Esports has gained more attention in Boston after a tournament was hosted in MGM Music Hall at the beginning of the month.
Boston Breach, a Call of Duty League team, hosted “their first top-tier tournament,” called Major 2, from Feb. 2 to 5, according to the event’s ticketing site.
“There’s a significant opportunity to bring more events into the city,” said Murph Vandervelde, president of multi-title esports organization Oxygen Esports, which owns Boston Breach.
“It’s such a vibrant, fan-centric city, but also there’s a lot of great venues,”
Vandervelde has been involved in esports since 2017 when he and his brother co-founded Helix Esports.
The idea to break out into the esports arena came along when the brothers played Overwatch and other games together when working in two different countries and realized the “huge social power” that comes with gaming and esports.
Vandervelde said the organization also wants to fill the gap in amateur competitive esports, creating a “local hockey rink for esports.”
“By combining the two of giving people an outlet to first step out of their basement for competitive esports, but also as a social destination for esports, sort of drove the center of business that we started,” said Vandervelde.
In Boston, Oxygen Esports hosts 50 to 60 small amateur tournament events a year in Foxborough, but the Boston Breach Call of Duty Major 2 tournament “was really the first large esports event in Boston in the last decade.”
This summer, the Boston Breach team will compete in another unannounced tournament in Boston, Vandervelde said.
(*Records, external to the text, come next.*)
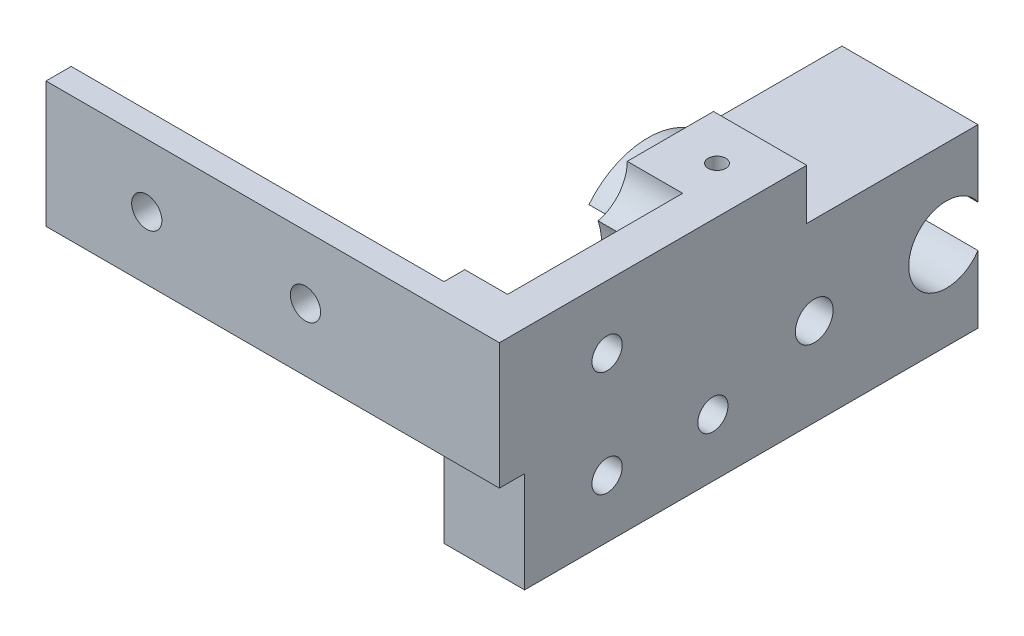
ISO-10303-21;
HEADER;
FILE_DESCRIPTION(('STEP AP214'),'2;1');
FILE_NAME('part.step','',(''),(''),'','','');
FILE_SCHEMA(('AUTOMOTIVE_DESIGN { 1 0 10303 214 1 1 1 1 }'));
ENDSEC;
DATA;
#1=APPLICATION_CONTEXT('core data for automotive mechanical design processes');
#2=APPLICATION_PROTOCOL_DEFINITION('international standard','automotive_design',2000,#1);
#3=PRODUCT_CONTEXT('',#1,'mechanical');
#4=PRODUCT('Part','Part','',(#3));
#5=PRODUCT_RELATED_PRODUCT_CATEGORY('part','',(#4));
#6=PRODUCT_DEFINITION_FORMATION('','',#4);
#7=PRODUCT_DEFINITION_CONTEXT('part definition',#1,'design');
#8=PRODUCT_DEFINITION('design','',#6,#7);
#9=PRODUCT_DEFINITION_SHAPE('','',#8);
#10=(LENGTH_UNIT() NAMED_UNIT(*) SI_UNIT(.MILLI.,.METRE.));
#11=(NAMED_UNIT(*) PLANE_ANGLE_UNIT() SI_UNIT($,.RADIAN.));
#12=(NAMED_UNIT(*) SI_UNIT($,.STERADIAN.) SOLID_ANGLE_UNIT());
#13=UNCERTAINTY_MEASURE_WITH_UNIT(LENGTH_MEASURE(1.E-05),#10,'distance_accuracy_value','');
#14=(GEOMETRIC_REPRESENTATION_CONTEXT(3) GLOBAL_UNCERTAINTY_ASSIGNED_CONTEXT((#13)) GLOBAL_UNIT_ASSIGNED_CONTEXT((#10,
#11,#12)) REPRESENTATION_CONTEXT('',''));
#15=CARTESIAN_POINT('',(0.,0.,0.));
#16=DIRECTION('',(0.,0.,1.));
#17=DIRECTION('',(1.,0.,0.));
#18=AXIS2_PLACEMENT_3D('',#15,#16,#17);
#19=CARTESIAN_POINT('',(1.7,-5.5,1.25));
#20=DIRECTION('',(1.,0.,0.));
#21=DIRECTION('',(0.,0.,-1.));
#22=AXIS2_PLACEMENT_3D('',#19,#20,#21);
#23=CYLINDRICAL_SURFACE('',#22,0.6);
#24=CARTESIAN_POINT('',(2.9,-5.5,1.25));
#25=DIRECTION('',(1.,0.,0.));
#26=DIRECTION('',(0.,0.,-1.));
#27=AXIS2_PLACEMENT_3D('',#24,#25,#26);
#28=CIRCLE('',#27,0.6);
#29=CARTESIAN_POINT('',(2.9,-5.5,0.650000000000001));
#30=VERTEX_POINT('',#29);
#31=EDGE_CURVE('E307',#30,#30,#28,.T.);
#32=ORIENTED_EDGE('',*,*,#31,.F.);
#33=EDGE_LOOP('',(#32));
#34=FACE_BOUND('',#33,.T.);
#35=CARTESIAN_POINT('',(4.9,-5.5,1.25));
#36=DIRECTION('',(1.,0.,0.));
#37=DIRECTION('',(0.,0.,-1.));
#38=AXIS2_PLACEMENT_3D('',#35,#36,#37);
#39=CIRCLE('',#38,0.6);
#40=CARTESIAN_POINT('',(4.9,-5.5,0.650000000000001));
#41=VERTEX_POINT('',#40);
#42=EDGE_CURVE('E73',#41,#41,#39,.F.);
#43=ORIENTED_EDGE('',*,*,#42,.F.);
#44=EDGE_LOOP('',(#43));
#45=FACE_BOUND('',#44,.T.);
#46=ADVANCED_FACE('F69',(#34,#45),#23,.F.);
#47=CARTESIAN_POINT('',(3.4,-6.7,10.5249223594996));
#48=DIRECTION('',(-1.,0.,0.));
#49=DIRECTION('',(0.,0.,1.));
#50=AXIS2_PLACEMENT_3D('',#47,#48,#49);
#51=CYLINDRICAL_SURFACE('',#50,3.5);
#52=CARTESIAN_POINT('',(3.4,-6.7,10.5249223594996));
#53=DIRECTION('',(1.,0.,0.));
#54=DIRECTION('',(0.,0.,-1.));
#55=AXIS2_PLACEMENT_3D('',#52,#53,#54);
#56=CIRCLE('',#55,3.5);
#57=CARTESIAN_POINT('',(3.4,-9.,7.88674116784504));
#58=VERTEX_POINT('',#57);
#59=CARTESIAN_POINT('',(3.4,-5.93787261677585,7.10890686601311));
#60=VERTEX_POINT('',#59);
#61=EDGE_CURVE('E424',#58,#60,#56,.T.);
#62=ORIENTED_EDGE('',*,*,#61,.T.);
#63=DIRECTION('',(-1.,0.,0.));
#64=VECTOR('',#63,1.);
#65=CARTESIAN_POINT('',(5.,-5.93787261677585,7.10890686601311));
#66=LINE('',#65,#64);
#67=CARTESIAN_POINT('',(1.7,-5.93787261677584,7.10890686601311));
#68=VERTEX_POINT('',#67);
#69=EDGE_CURVE('E328',#60,#68,#66,.T.);
#70=ORIENTED_EDGE('',*,*,#69,.T.);
#71=CARTESIAN_POINT('',(1.7,-6.7,10.5249223594996));
#72=DIRECTION('',(1.,0.,0.));
#73=DIRECTION('',(0.,0.,-1.));
#74=AXIS2_PLACEMENT_3D('',#71,#72,#73);
#75=CIRCLE('',#74,3.5);
#76=CARTESIAN_POINT('',(1.7,-8.34957819238067,7.43803204929712));
#77=VERTEX_POINT('',#76);
#78=EDGE_CURVE('E78',#77,#68,#75,.T.);
#79=ORIENTED_EDGE('',*,*,#78,.F.);
#80=DIRECTION('',(-1.,0.,0.));
#81=VECTOR('',#80,1.);
#82=CARTESIAN_POINT('',(12.3258774735219,-8.34957819238067,7.43803204929712));
#83=LINE('',#82,#81);
#84=CARTESIAN_POINT('',(2.9,-8.34957819238067,7.43803204929712));
#85=VERTEX_POINT('',#84);
#86=EDGE_CURVE('E345',#85,#77,#83,.T.);
#87=ORIENTED_EDGE('',*,*,#86,.F.);
#88=CARTESIAN_POINT('',(2.9,-6.7,10.5249223594996));
#89=DIRECTION('',(1.,0.,0.));
#90=DIRECTION('',(0.,0.,-1.));
#91=AXIS2_PLACEMENT_3D('',#88,#89,#90);
#92=CIRCLE('',#91,3.5);
#93=CARTESIAN_POINT('',(2.9,-9.,7.88674116784504));
#94=VERTEX_POINT('',#93);
#95=EDGE_CURVE('E346',#94,#85,#92,.T.);
#96=ORIENTED_EDGE('',*,*,#95,.F.);
#97=DIRECTION('',(-1.,0.,0.));
#98=VECTOR('',#97,1.);
#99=CARTESIAN_POINT('',(3.4,-9.,7.88674116784504));
#100=LINE('',#99,#98);
#101=EDGE_CURVE('E432',#58,#94,#100,.T.);
#102=ORIENTED_EDGE('',*,*,#101,.F.);
#103=EDGE_LOOP('',(#62,#70,#79,#87,#96,#102));
#104=FACE_BOUND('',#103,.T.);
#105=ADVANCED_FACE('F568',(#104),#51,.F.);
#106=CARTESIAN_POINT('',(1.7,-5.46705935601327,7.24927626011624));
#107=VERTEX_POINT('',#106);
#108=CARTESIAN_POINT('',(1.7,-3.62933337224518,8.84533715439902));
#109=VERTEX_POINT('',#108);
#110=EDGE_CURVE('E486',#107,#109,#75,.T.);
#111=ORIENTED_EDGE('',*,*,#110,.F.);
#112=DIRECTION('',(-1.,0.,0.));
#113=VECTOR('',#112,1.);
#114=CARTESIAN_POINT('',(5.,-5.46705935601326,7.24927626011624));
#115=LINE('',#114,#113);
#116=CARTESIAN_POINT('',(3.4,-5.46705935601326,7.24927626011624));
#117=VERTEX_POINT('',#116);
#118=EDGE_CURVE('E323',#107,#117,#115,.F.);
#119=ORIENTED_EDGE('',*,*,#118,.T.);
#120=CARTESIAN_POINT('',(3.4,-3.41671842700025,9.31246117974983));
#121=VERTEX_POINT('',#120);
#122=EDGE_CURVE('E423',#117,#121,#56,.T.);
#123=ORIENTED_EDGE('',*,*,#122,.T.);
#124=DIRECTION('',(-1.,0.,0.));
#125=VECTOR('',#124,1.);
#126=CARTESIAN_POINT('',(13.3812398038726,-3.41671842700025,9.31246117974983));
#127=LINE('',#126,#125);
#128=CARTESIAN_POINT('',(2.9,-3.41671842700025,9.31246117974983));
#129=VERTEX_POINT('',#128);
#130=EDGE_CURVE('E407',#121,#129,#127,.T.);
#131=ORIENTED_EDGE('',*,*,#130,.T.);
#132=CARTESIAN_POINT('',(2.9,-6.7,10.5249223594996));
#133=DIRECTION('',(1.,0.,0.));
#134=DIRECTION('',(0.,0.,-1.));
#135=AXIS2_PLACEMENT_3D('',#132,#133,#134);
#136=CIRCLE('',#135,3.5);
#137=CARTESIAN_POINT('',(2.9,-3.62933337224518,8.84533715439902));
#138=VERTEX_POINT('',#137);
#139=EDGE_CURVE('E338',#138,#129,#136,.T.);
#140=ORIENTED_EDGE('',*,*,#139,.F.);
#141=DIRECTION('',(-1.,0.,0.));
#142=VECTOR('',#141,1.);
#143=CARTESIAN_POINT('',(12.3258774735219,-3.62933337224518,8.84533715439902));
#144=LINE('',#143,#142);
#145=EDGE_CURVE('E348',#138,#109,#144,.T.);
#146=ORIENTED_EDGE('',*,*,#145,.T.);
#147=EDGE_LOOP('',(#111,#119,#123,#131,#140,#146));
#148=FACE_BOUND('',#147,.T.);
#149=ADVANCED_FACE('F574',(#148),#51,.F.);
#150=CARTESIAN_POINT('',(6.8,-2.5,14.7249223594996));
#151=DIRECTION('',(-1.,0.,0.));
#152=DIRECTION('',(0.,0.,1.));
#153=AXIS2_PLACEMENT_3D('',#150,#151,#152);
#154=CYLINDRICAL_SURFACE('',#153,3.5);
#155=CARTESIAN_POINT('',(4.6,-2.5,14.7249223594996));
#156=DIRECTION('',(1.,0.,0.));
#157=DIRECTION('',(0.,0.,1.));
#158=AXIS2_PLACEMENT_3D('',#155,#156,#157);
#159=CIRCLE('',#158,3.5);
#160=CARTESIAN_POINT('',(4.6,-3.86335766733239,11.5013752649273));
#161=VERTEX_POINT('',#160);
#162=CARTESIAN_POINT('',(4.6,-1.46794565851193,11.3805444149163));
#163=VERTEX_POINT('',#162);
#164=EDGE_CURVE('E379',#161,#163,#159,.T.);
#165=ORIENTED_EDGE('',*,*,#164,.F.);
#166=DIRECTION('',(-1.,0.,0.));
#167=VECTOR('',#166,1.);
#168=CARTESIAN_POINT('',(6.88722282847491,-3.86335766733239,11.5013752649273));
#169=LINE('',#168,#167);
#170=CARTESIAN_POINT('',(3.4,-3.86335766733239,11.5013752649273));
#171=VERTEX_POINT('',#170);
#172=EDGE_CURVE('E361',#161,#171,#169,.T.);
#173=ORIENTED_EDGE('',*,*,#172,.T.);
#174=CARTESIAN_POINT('',(3.4,-2.5,14.7249223594996));
#175=DIRECTION('',(1.,0.,0.));
#176=DIRECTION('',(0.,0.,-1.));
#177=AXIS2_PLACEMENT_3D('',#174,#175,#176);
#178=CIRCLE('',#177,3.5);
#179=CARTESIAN_POINT('',(3.4,-4.6,11.9249223594996));
#180=VERTEX_POINT('',#179);
#181=EDGE_CURVE('E427',#180,#171,#178,.T.);
#182=ORIENTED_EDGE('',*,*,#181,.F.);
#183=DIRECTION('',(-1.,0.,0.));
#184=VECTOR('',#183,1.);
#185=CARTESIAN_POINT('',(2.55,-4.6,11.9249223594996));
#186=LINE('',#185,#184);
#187=CARTESIAN_POINT('',(5.1,-4.6,11.9249223594996));
#188=VERTEX_POINT('',#187);
#189=EDGE_CURVE('E482',#180,#188,#186,.F.);
#190=ORIENTED_EDGE('',*,*,#189,.T.);
#191=CARTESIAN_POINT('',(5.1,-2.5,14.7249223594996));
#192=DIRECTION('',(1.,0.,0.));
#193=DIRECTION('',(0.,0.,-1.));
#194=AXIS2_PLACEMENT_3D('',#191,#192,#193);
#195=CIRCLE('',#194,3.5);
#196=CARTESIAN_POINT('',(5.1,-3.73444985669509,18.));
#197=VERTEX_POINT('',#196);
#198=EDGE_CURVE('E479',#197,#188,#195,.T.);
#199=ORIENTED_EDGE('',*,*,#198,.F.);
#200=DIRECTION('',(-1.,0.,0.));
#201=VECTOR('',#200,1.);
#202=CARTESIAN_POINT('',(6.8,-3.73444985669509,18.));
#203=LINE('',#202,#201);
#204=CARTESIAN_POINT('',(6.8,-3.73444985669509,18.));
#205=VERTEX_POINT('',#204);
#206=EDGE_CURVE('E454',#197,#205,#203,.F.);
#207=ORIENTED_EDGE('',*,*,#206,.T.);
#208=CARTESIAN_POINT('',(6.8,-2.5,14.7249223594996));
#209=DIRECTION('',(1.,0.,0.));
#210=DIRECTION('',(0.,0.,-1.));
#211=AXIS2_PLACEMENT_3D('',#208,#209,#210);
#212=CIRCLE('',#211,3.5);
#213=CARTESIAN_POINT('',(6.8,-1.46794565851193,11.3805444149163));
#214=VERTEX_POINT('',#213);
#215=EDGE_CURVE('E448',#205,#214,#212,.T.);
#216=ORIENTED_EDGE('',*,*,#215,.T.);
#217=DIRECTION('',(-1.,0.,0.));
#218=VECTOR('',#217,1.);
#219=CARTESIAN_POINT('',(3.4,-1.46794565851193,11.3805444149163));
#220=LINE('',#219,#218);
#221=EDGE_CURVE('E390',#214,#163,#220,.T.);
#222=ORIENTED_EDGE('',*,*,#221,.T.);
#223=EDGE_LOOP('',(#165,#173,#182,#190,#199,#207,#216,#222));
#224=FACE_BOUND('',#223,.T.);
#225=ADVANCED_FACE('F507',(#224),#154,.F.);
#226=CARTESIAN_POINT('',(3.4,-6.7,10.5249223594996));
#227=DIRECTION('',(1.,0.,0.));
#228=DIRECTION('',(0.,0.,-1.));
#229=AXIS2_PLACEMENT_3D('',#226,#227,#228);
#230=PLANE('',#229);
#231=CARTESIAN_POINT('',(3.4,-6.7,10.5249223594996));
#232=DIRECTION('',(1.,0.,0.));
#233=DIRECTION('',(0.,0.,-1.));
#234=AXIS2_PLACEMENT_3D('',#231,#232,#233);
#235=CIRCLE('',#234,0.6);
#236=CARTESIAN_POINT('',(3.4,-6.7,9.92492235949962));
#237=VERTEX_POINT('',#236);
#238=EDGE_CURVE('E331',#237,#237,#235,.F.);
#239=ORIENTED_EDGE('',*,*,#238,.F.);
#240=EDGE_LOOP('',(#239));
#241=FACE_BOUND('',#240,.T.);
#242=CARTESIAN_POINT('',(3.4,-5.5,6.50000000000003));
#243=DIRECTION('',(1.,0.,0.));
#244=DIRECTION('',(0.,0.,-1.));
#245=AXIS2_PLACEMENT_3D('',#242,#243,#244);
#246=CIRCLE('',#245,0.75);
#247=EDGE_CURVE('E326',#60,#117,#246,.F.);
#248=ORIENTED_EDGE('',*,*,#247,.F.);
#249=ORIENTED_EDGE('',*,*,#61,.F.);
#250=DIRECTION('',(0.,0.,1.));
#251=VECTOR('',#250,1.);
#252=CARTESIAN_POINT('',(3.4,-9.,0.));
#253=LINE('',#252,#251);
#254=CARTESIAN_POINT('',(3.4,-9.,12.086741167845));
#255=VERTEX_POINT('',#254);
#256=EDGE_CURVE('E430',#58,#255,#253,.T.);
#257=ORIENTED_EDGE('',*,*,#256,.T.);
#258=CARTESIAN_POINT('',(3.4,-6.7,14.7249223594996));
#259=DIRECTION('',(1.,0.,0.));
#260=DIRECTION('',(0.,0.,-1.));
#261=AXIS2_PLACEMENT_3D('',#258,#259,#260);
#262=CIRCLE('',#261,3.5);
#263=EDGE_CURVE('E484',#255,#180,#262,.T.);
#264=ORIENTED_EDGE('',*,*,#263,.T.);
#265=ORIENTED_EDGE('',*,*,#181,.T.);
#266=CARTESIAN_POINT('',(3.4,-6.7,10.5249223594996));
#267=DIRECTION('',(-1.,0.,0.));
#268=DIRECTION('',(0.,0.,1.));
#269=AXIS2_PLACEMENT_3D('',#266,#267,#268);
#270=CIRCLE('',#269,3.);
#271=CARTESIAN_POINT('',(3.4,-3.85042180761933,9.58689031020253));
#272=VERTEX_POINT('',#271);
#273=EDGE_CURVE('E357',#171,#272,#270,.T.);
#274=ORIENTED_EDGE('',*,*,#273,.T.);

Collegiate esports teams have also started forming in the Boston area, including teams at Berklee College of Music, Boston College and Northeastern University.
Zachary Allor, coordinator of esports and club sports at Northeastern, said he believes that the recent uptick in esports’ viewership is largely owed to the COVID-19 pandemic.
“Esports [was] the only game in town,” said Allor. “My previous university literally moved PCs into people’s dorm rooms.”
Boston is considered by Allor to not be a hotspot for esports, but the large college population in the city could aid in its growth.
“Esports demographic is almost a one-to-one match with the college-age demographic,” Allor said. “There’s a lot of interest here in the city and I think we’re going to see a lot more of targeted events.”
Gamers on the collegiate level also hope to see a greater rise in esports presence in Boston. Brendan Chow, a varsity Hearthstone player and fourth year student on the Northeastern esports team, said he believes esports gives more “connectivity” to the world.
“I think it’d be cool,” Chow said. “Having [tournaments] become more mainstream and more televised and more widely seen would just benefit esports as a whole…there’s [also] a lot of revenue, so the more mainstream it becomes, the more it can start giving back to the world instead of just being a consumption kind of thing.”
Allor said he believes esports is an “inclusive space” for people who may not be able to overcome the barriers that are required for traditional sports.
“I think at its best esports is what you hope sports is, which is something to do in your spare time that gives you an outlet to express yourself,” Allor said. “A lot of people that may not have the chance, opportunity or skill to play traditional sports find a home in esports.”